Статьи, беседы, проповеди, письма

Толстой своим путём, но пришёл к тому же, к чему приходили"старцы""церковные", путём"выработанных"аскетических подвигов.

Для Толстого не существовало"времени","прогресса", — поэтому не существовало никакого особого смысла в мировой истории; для него земная жизнь — случайность, непостижимая и временная, которая скоро кончается, — и хорошо, что скоро кончается, потому что она отрывает человеческую душу от главного источника жизни — от Бога. Жизнь земная — это тяжёлый сон, от которого будет так радостно проснуться к настоящей жизни.

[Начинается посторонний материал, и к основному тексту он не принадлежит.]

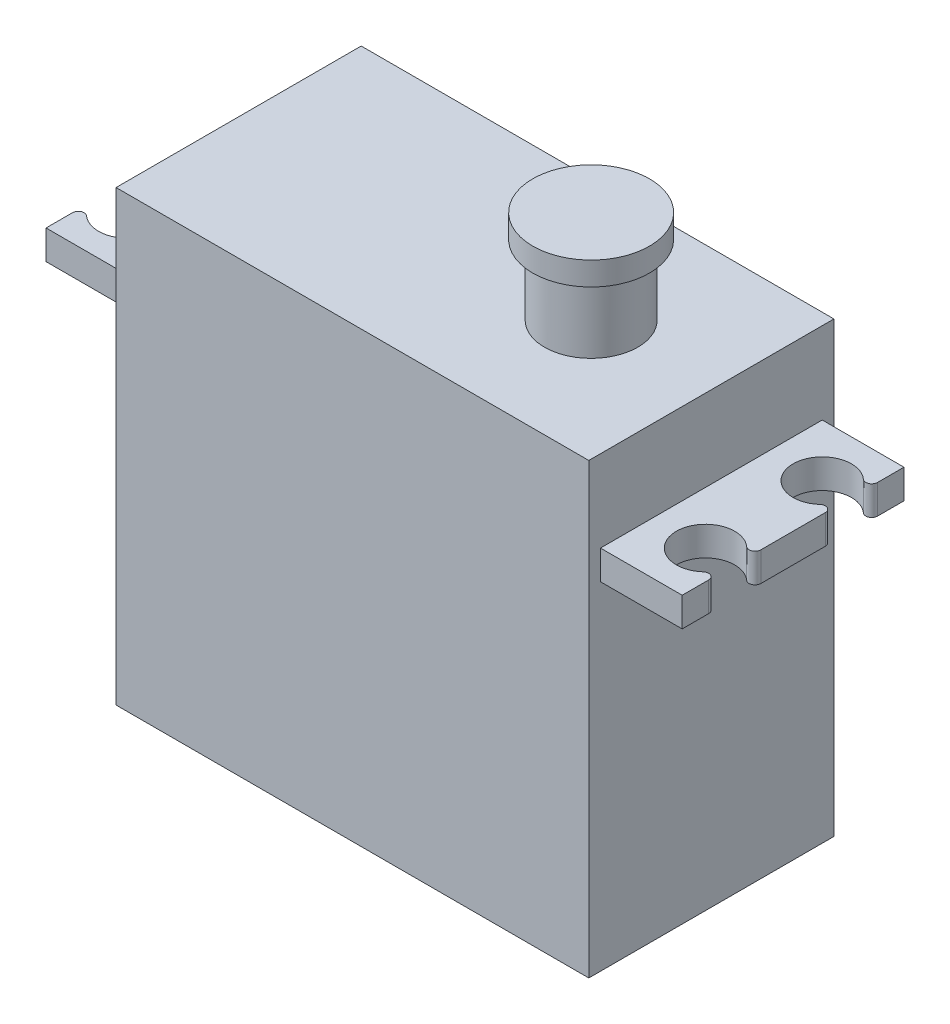
ISO-10303-21;
HEADER;
FILE_DESCRIPTION(('STEP AP214'),'2;1');
FILE_NAME('part.step','',(''),(''),'','','');
FILE_SCHEMA(('AUTOMOTIVE_DESIGN { 1 0 10303 214 1 1 1 1 }'));
ENDSEC;
DATA;
#1=APPLICATION_CONTEXT('core data for automotive mechanical design processes');
#2=APPLICATION_PROTOCOL_DEFINITION('international standard','automotive_design',2000,#1);
#3=PRODUCT_CONTEXT('',#1,'mechanical');
#4=PRODUCT('Part','Part','',(#3));
#5=PRODUCT_RELATED_PRODUCT_CATEGORY('part','',(#4));
#6=PRODUCT_DEFINITION_FORMATION('','',#4);
#7=PRODUCT_DEFINITION_CONTEXT('part definition',#1,'design');
#8=PRODUCT_DEFINITION('design','',#6,#7);
#9=PRODUCT_DEFINITION_SHAPE('','',#8);
#10=(LENGTH_UNIT() NAMED_UNIT(*) SI_UNIT(.MILLI.,.METRE.));
#11=(NAMED_UNIT(*) PLANE_ANGLE_UNIT() SI_UNIT($,.RADIAN.));
#12=(NAMED_UNIT(*) SI_UNIT($,.STERADIAN.) SOLID_ANGLE_UNIT());
#13=UNCERTAINTY_MEASURE_WITH_UNIT(LENGTH_MEASURE(1.E-05),#10,'distance_accuracy_value','');
#14=(GEOMETRIC_REPRESENTATION_CONTEXT(3) GLOBAL_UNCERTAINTY_ASSIGNED_CONTEXT((#13)) GLOBAL_UNIT_ASSIGNED_CONTEXT((#10,
#11,#12)) REPRESENTATION_CONTEXT('',''));
#15=CARTESIAN_POINT('',(0.,0.,0.));
#16=DIRECTION('',(0.,0.,1.));
#17=DIRECTION('',(1.,0.,0.));
#18=AXIS2_PLACEMENT_3D('',#15,#16,#17);
#19=CARTESIAN_POINT('',(9.94999999999999,46.4,0.));
#20=DIRECTION('',(0.,-1.,0.));
#21=DIRECTION('',(0.,0.,-1.));
#22=AXIS2_PLACEMENT_3D('',#19,#20,#21);
#23=CYLINDRICAL_SURFACE('',#22,5.);
#24=CARTESIAN_POINT('',(9.94999999999999,46.4,0.));
#25=DIRECTION('',(0.,1.,0.));
#26=DIRECTION('',(0.,0.,1.));
#27=AXIS2_PLACEMENT_3D('',#24,#25,#26);
#28=CIRCLE('',#27,5.);
#29=CARTESIAN_POINT('',(9.94999999999999,46.4,5.));
#30=VERTEX_POINT('',#29);
#31=EDGE_CURVE('E11',#30,#30,#28,.T.);
#32=ORIENTED_EDGE('',*,*,#31,.F.);
#33=EDGE_LOOP('',(#32));
#34=FACE_BOUND('',#33,.T.);
#35=CARTESIAN_POINT('',(9.94999999999999,44.4,0.));
#36=DIRECTION('',(0.,1.,0.));
#37=DIRECTION('',(0.,0.,1.));
#38=AXIS2_PLACEMENT_3D('',#35,#36,#37);
#39=CIRCLE('',#38,5.);
#40=CARTESIAN_POINT('',(9.94999999999999,44.4,5.));
#41=VERTEX_POINT('',#40);
#42=EDGE_CURVE('E47',#41,#41,#39,.T.);
#43=ORIENTED_EDGE('',*,*,#42,.T.);
#44=EDGE_LOOP('',(#43));
#45=FACE_BOUND('',#44,.T.);
#46=ADVANCED_FACE('F44',(#34,#45),#23,.T.);
#47=CARTESIAN_POINT('',(0.,46.4,0.));
#48=DIRECTION('',(0.,1.,0.));
#49=DIRECTION('',(0.,0.,1.));
#50=AXIS2_PLACEMENT_3D('',#47,#48,#49);
#51=PLANE('',#50);
#52=ORIENTED_EDGE('',*,*,#31,.T.);
#53=EDGE_LOOP('',(#52));
#54=FACE_BOUND('',#53,.T.);
#55=ADVANCED_FACE('F59',(#54),#51,.T.);
#56=CARTESIAN_POINT('',(0.,44.4,0.));
#57=DIRECTION('',(0.,1.,0.));
#58=DIRECTION('',(0.,0.,1.));
#59=AXIS2_PLACEMENT_3D('',#56,#57,#58);
#60=PLANE('',#59);
#61=ORIENTED_EDGE('',*,*,#42,.F.);
#62=EDGE_LOOP('',(#61));
#63=FACE_BOUND('',#62,.T.);
#64=ADVANCED_FACE('F57',(#63),#60,.F.);
#65=CLOSED_SHELL('',(#46,#55,#64));
#66=MANIFOLD_SOLID_BREP('B2',#65);
#67=CARTESIAN_POINT('',(20.25,38.4,10.5));
#68=DIRECTION('',(-1.,0.,0.));
#69=DIRECTION('',(0.,0.,1.));
#70=AXIS2_PLACEMENT_3D('',#67,#68,#69);
#71=PLANE('',#70);
#72=DIRECTION('',(0.,0.,-1.));
#73=VECTOR('',#72,1.);
#74=CARTESIAN_POINT('',(20.25,0.,10.5));
#75=LINE('',#74,#73);
#76=CARTESIAN_POINT('',(20.25,0.,10.5));
#77=VERTEX_POINT('',#76);
#78=CARTESIAN_POINT('',(20.25,0.,-10.5));
#79=VERTEX_POINT('',#78);
#80=EDGE_CURVE('E455',#77,#79,#75,.T.);
#81=ORIENTED_EDGE('',*,*,#80,.T.);
#82=DIRECTION('',(0.,-1.,0.));
#83=VECTOR('',#82,1.);
#84=CARTESIAN_POINT('',(20.25,38.4,-10.5));
#85=LINE('',#84,#83);
#86=CARTESIAN_POINT('',(20.25,38.4,-10.5));
#87=VERTEX_POINT('',#86);
#88=EDGE_CURVE('E482',#87,#79,#85,.T.);
#89=ORIENTED_EDGE('',*,*,#88,.F.);
#90=DIRECTION('',(0.,0.,-1.));
#91=VECTOR('',#90,1.);
#92=CARTESIAN_POINT('',(20.25,38.4,10.5));
#93=LINE('',#92,#91);
#94=CARTESIAN_POINT('',(20.25,38.4,10.5));
#95=VERTEX_POINT('',#94);
#96=EDGE_CURVE('E456',#95,#87,#93,.T.);
#97=ORIENTED_EDGE('',*,*,#96,.F.);
#98=DIRECTION('',(0.,-1.,0.));
#99=VECTOR('',#98,1.);
#100=CARTESIAN_POINT('',(20.25,38.4,10.5));
#101=LINE('',#100,#99);
#102=EDGE_CURVE('E466',#95,#77,#101,.T.);
#103=ORIENTED_EDGE('',*,*,#102,.T.);
#104=EDGE_LOOP('',(#81,#89,#97,#103));
#105=FACE_BOUND('',#104,.T.);
#106=DIRECTION('',(0.,0.,1.));
#107=VECTOR('',#106,1.);
#108=CARTESIAN_POINT('',(20.25,31.4,10.5));
#109=LINE('',#108,#107);
#110=CARTESIAN_POINT('',(20.25,31.4,-9.49999999999999));
#111=VERTEX_POINT('',#110);
#112=CARTESIAN_POINT('',(20.25,31.4,9.50000000000001));
#113=VERTEX_POINT('',#112);
#114=EDGE_CURVE('E446',#111,#113,#109,.T.);
#115=ORIENTED_EDGE('',*,*,#114,.F.);
#116=DIRECTION('',(0.,-1.,0.));
#117=VECTOR('',#116,1.);
#118=CARTESIAN_POINT('',(20.25,38.4,-9.49999999999999));
#119=LINE('',#118,#117);
#120=CARTESIAN_POINT('',(20.25,28.9,-9.49999999999999));
#121=VERTEX_POINT('',#120);
#122=EDGE_CURVE('E276',#111,#121,#119,.T.);
#123=ORIENTED_EDGE('',*,*,#122,.T.);
#124=DIRECTION('',(0.,0.,1.));
#125=VECTOR('',#124,1.);
#126=CARTESIAN_POINT('',(20.25,28.9,10.5));
#127=LINE('',#126,#125);
#128=CARTESIAN_POINT('',(20.25,28.9,9.50000000000001));
#129=VERTEX_POINT('',#128);
#130=EDGE_CURVE('E407',#121,#129,#127,.T.);
#131=ORIENTED_EDGE('',*,*,#130,.T.);
#132=DIRECTION('',(0.,1.,0.));
#133=VECTOR('',#132,1.);
#134=CARTESIAN_POINT('',(20.25,38.4,9.50000000000001));
#135=LINE('',#134,#133);
#136=EDGE_CURVE('E448',#129,#113,#135,.T.);
#137=ORIENTED_EDGE('',*,*,#136,.T.);
#138=EDGE_LOOP('',(#115,#123,#131,#137));
#139=FACE_BOUND('',#138,.T.);
#140=ADVANCED_FACE('F84',(#105,#139),#71,.F.);
#141=CARTESIAN_POINT('',(-20.25,38.4,10.5));
#142=DIRECTION('',(1.,0.,0.));
#143=DIRECTION('',(0.,0.,-1.));
#144=AXIS2_PLACEMENT_3D('',#141,#142,#143);
#145=PLANE('',#144);
#146=DIRECTION('',(0.,0.,1.));
#147=VECTOR('',#146,1.);
#148=CARTESIAN_POINT('',(-20.25,0.,10.5));
#149=LINE('',#148,#147);
#150=CARTESIAN_POINT('',(-20.25,0.,-10.5));
#151=VERTEX_POINT('',#150);
#152=CARTESIAN_POINT('',(-20.25,0.,10.5));
#153=VERTEX_POINT('',#152);
#154=EDGE_CURVE('E471',#151,#153,#149,.T.);
#155=ORIENTED_EDGE('',*,*,#154,.T.);
#156=DIRECTION('',(0.,-1.,0.));
#157=VECTOR('',#156,1.);
#158=CARTESIAN_POINT('',(-20.25,38.4,10.5));
#159=LINE('',#158,#157);
#160=CARTESIAN_POINT('',(-20.25,38.4,10.5));
#161=VERTEX_POINT('',#160);
#162=EDGE_CURVE('E476',#161,#153,#159,.T.);
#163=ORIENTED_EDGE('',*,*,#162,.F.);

Вот обо всех этих мыслях невольно говорит его могила. И то, что он носил в своей душе — этот невидимый людям монастырь, теперь над могилой его воздвигается среди тихого зимнего леса…

--------

И. А. Б[еневск]ий уговорил меня зайти с ним в яснополянский дом к Д. П. Маковицкому 16.

Очень не хотелось и казалось ненужным.

Но Б[еневск]ий удивительно умеет вытаскивать меня из"одиночества".

И как я ему благодарен, что на этот раз он настоял на своём!

Когда я увидел перед собой Д. П. Маковицкого, ставшего"знаменитым"в качестве спутника ночного бегства Толстого, — я сразу понял всю разницу между тем, что знает о Толстом мир, и тем, что знают эти близкие.

Как будто вошёл в"келью". И вот кругом, на весь свет шум, толки,"толстовские события"…

А здесь — тихий, безгранично добрый человек, такой простой и чистый, без всякой мишуры и треска, в глазах которого точно отразилось всё то, что видел он за последние дни. И столько было в них любви и ясности, что невольно хотелось плакать от умиления.

Он принёс маленький жестяной чайник. Дал нам чаю. И, весь сияя, совсем по–детски сказал:

— Вот этот чайник мы купили дорогой, у кондуктора, и Лев Николаевич пил из него чай.

Для него не было никакого"Льва Толстого","великого писателя". Для него был безмерно любимый человек, который умер, ушёл, — и о котором он говорит с благоговением и любовью, как о чём‑то неразрывно связанном с своей душой.

Б[еневск]ий, как хороший знакомый Маковицкого, сразу задал несколько интимных вопросов о последних событиях в Ясной Поляне и об отъезде в Шамординский монастырь.

Тяжёлые события. И когда‑нибудь о них узнает весь мир и многое, очень многое иначе тогда поймёт в жизни Толстого.

Толстой, по словам Маковицкого, всю дорогу был молчалив. В Оптинской пустыни, у старцев, вопреки рассказам газет, не был.

— Не собирался ли? — спросил я

— По моему личному мнению, — осторожно сказал Душан Петрович, — да, собирался…

Не поехал потому, что помешали внешние обстоятельства.

У Маковицкого пробыли не долго. К вечеру мы должны были быть у Черткова.